_Required action_: Without the pictures, output the lines of the material from the very first through the one that holds "msp = doc.modelspace()".
▬▬▬
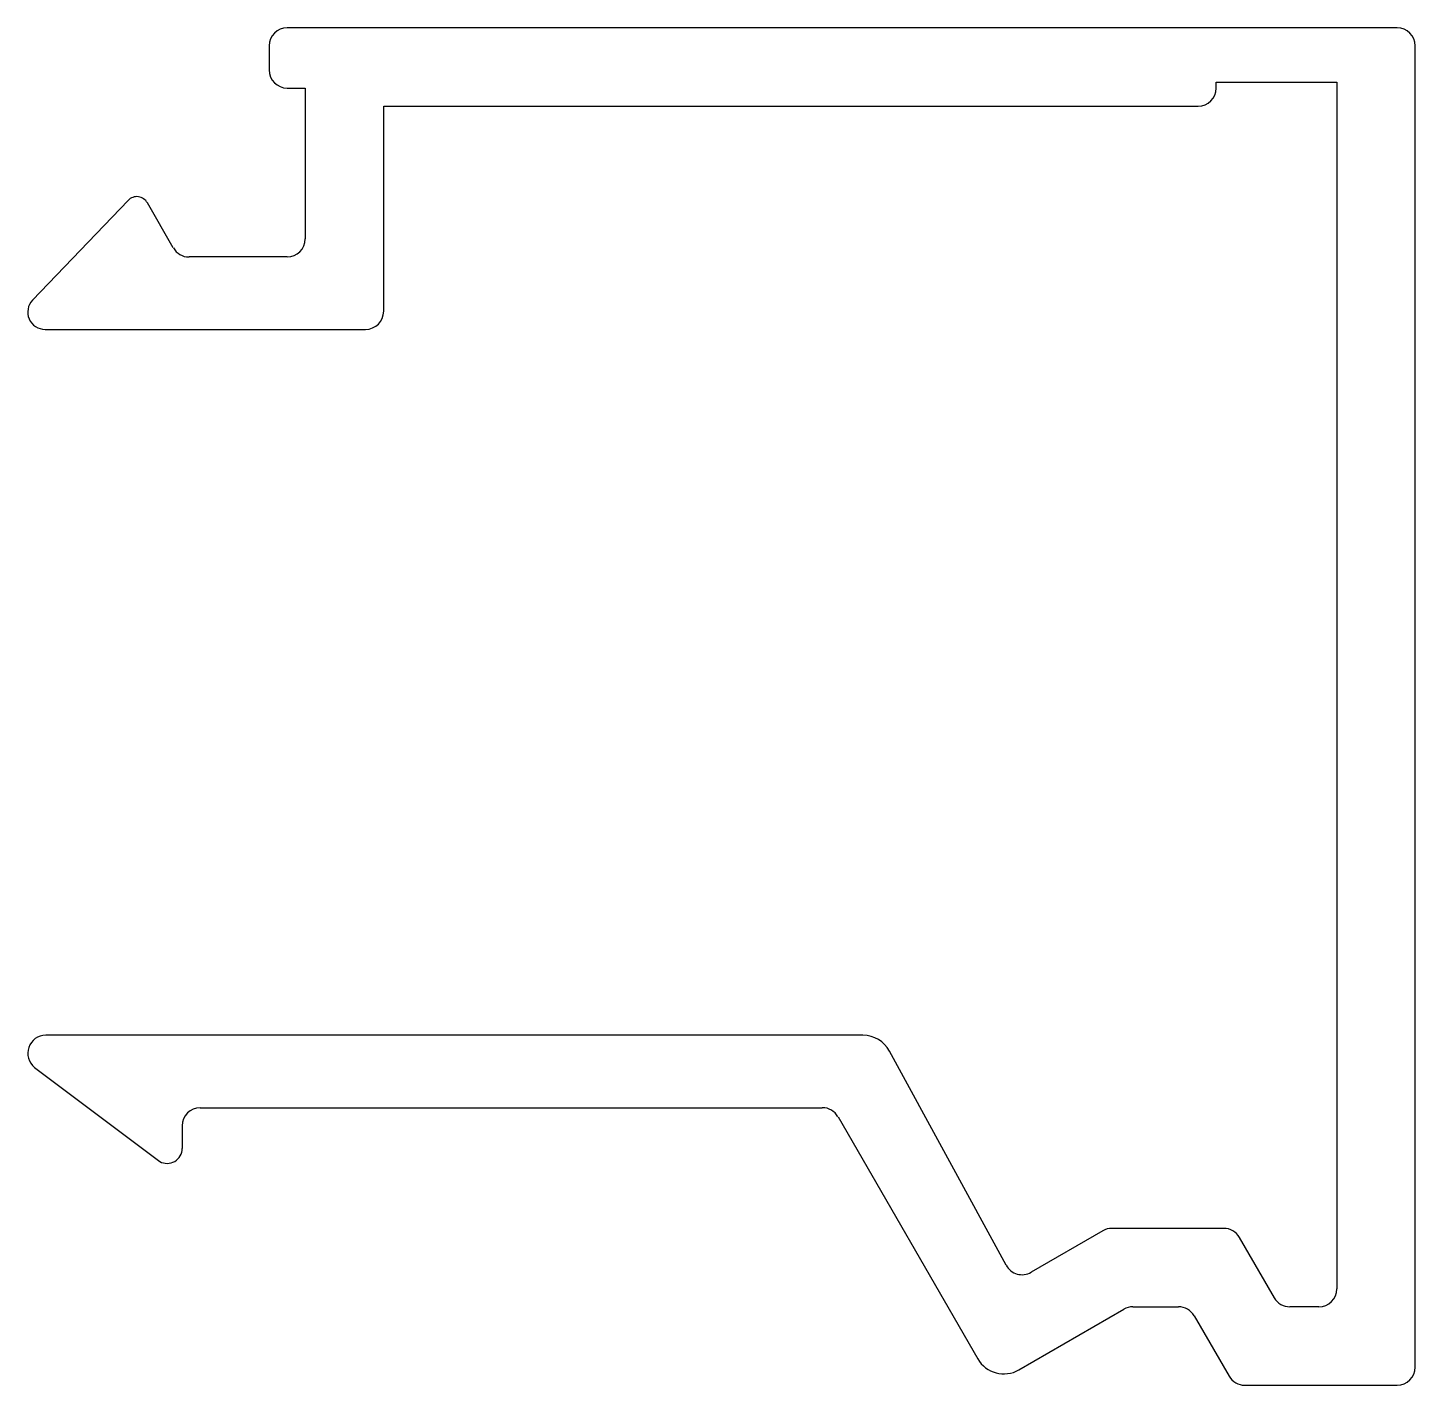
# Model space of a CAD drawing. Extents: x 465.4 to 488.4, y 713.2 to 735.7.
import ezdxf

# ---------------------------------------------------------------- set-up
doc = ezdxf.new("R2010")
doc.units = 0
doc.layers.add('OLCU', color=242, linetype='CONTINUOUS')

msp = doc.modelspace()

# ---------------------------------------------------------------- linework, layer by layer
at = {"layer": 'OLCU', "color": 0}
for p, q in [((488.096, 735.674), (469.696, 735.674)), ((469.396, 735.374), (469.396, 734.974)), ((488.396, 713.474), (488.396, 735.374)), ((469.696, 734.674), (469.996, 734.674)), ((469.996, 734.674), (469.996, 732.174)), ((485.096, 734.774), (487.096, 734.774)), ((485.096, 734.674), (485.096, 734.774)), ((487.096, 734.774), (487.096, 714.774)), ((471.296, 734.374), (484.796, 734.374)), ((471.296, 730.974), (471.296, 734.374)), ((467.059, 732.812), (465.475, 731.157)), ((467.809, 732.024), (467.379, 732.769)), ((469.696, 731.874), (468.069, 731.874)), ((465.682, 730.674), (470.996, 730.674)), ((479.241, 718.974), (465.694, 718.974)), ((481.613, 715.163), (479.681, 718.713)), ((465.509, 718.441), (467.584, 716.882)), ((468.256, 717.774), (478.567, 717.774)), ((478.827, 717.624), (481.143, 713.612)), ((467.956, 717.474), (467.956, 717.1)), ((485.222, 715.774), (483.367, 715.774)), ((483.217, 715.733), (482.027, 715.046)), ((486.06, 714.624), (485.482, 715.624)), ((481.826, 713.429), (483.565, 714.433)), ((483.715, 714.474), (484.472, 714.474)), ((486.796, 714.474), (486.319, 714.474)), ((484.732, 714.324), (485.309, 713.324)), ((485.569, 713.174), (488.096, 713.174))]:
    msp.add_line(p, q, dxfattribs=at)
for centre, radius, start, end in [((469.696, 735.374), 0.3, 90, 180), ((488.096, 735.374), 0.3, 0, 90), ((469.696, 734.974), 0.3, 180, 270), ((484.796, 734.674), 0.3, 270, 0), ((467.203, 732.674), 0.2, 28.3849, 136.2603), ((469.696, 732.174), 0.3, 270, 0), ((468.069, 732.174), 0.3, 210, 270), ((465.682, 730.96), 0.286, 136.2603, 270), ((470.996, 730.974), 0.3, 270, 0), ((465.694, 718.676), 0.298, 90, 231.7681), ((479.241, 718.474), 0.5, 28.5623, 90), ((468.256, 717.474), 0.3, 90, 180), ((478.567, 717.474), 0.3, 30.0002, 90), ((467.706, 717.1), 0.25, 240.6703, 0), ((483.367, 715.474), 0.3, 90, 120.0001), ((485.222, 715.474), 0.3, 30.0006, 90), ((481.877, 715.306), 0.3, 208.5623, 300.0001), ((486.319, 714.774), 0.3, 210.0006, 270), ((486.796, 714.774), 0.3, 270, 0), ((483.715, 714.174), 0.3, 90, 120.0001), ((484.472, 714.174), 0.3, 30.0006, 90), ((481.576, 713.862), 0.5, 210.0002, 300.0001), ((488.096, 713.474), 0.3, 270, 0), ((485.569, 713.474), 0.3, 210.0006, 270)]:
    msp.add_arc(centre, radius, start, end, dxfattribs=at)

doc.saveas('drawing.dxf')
▬▬▬
_Answer to this exercise_:
# Model space of a CAD drawing. Extents: x 465.4 to 488.4, y 713.2 to 735.7.
import ezdxf

# ---------------------------------------------------------------- set-up
doc = ezdxf.new("R2010")
doc.units = 0
doc.layers.add('OLCU', color=242, linetype='CONTINUOUS')

msp = doc.modelspace()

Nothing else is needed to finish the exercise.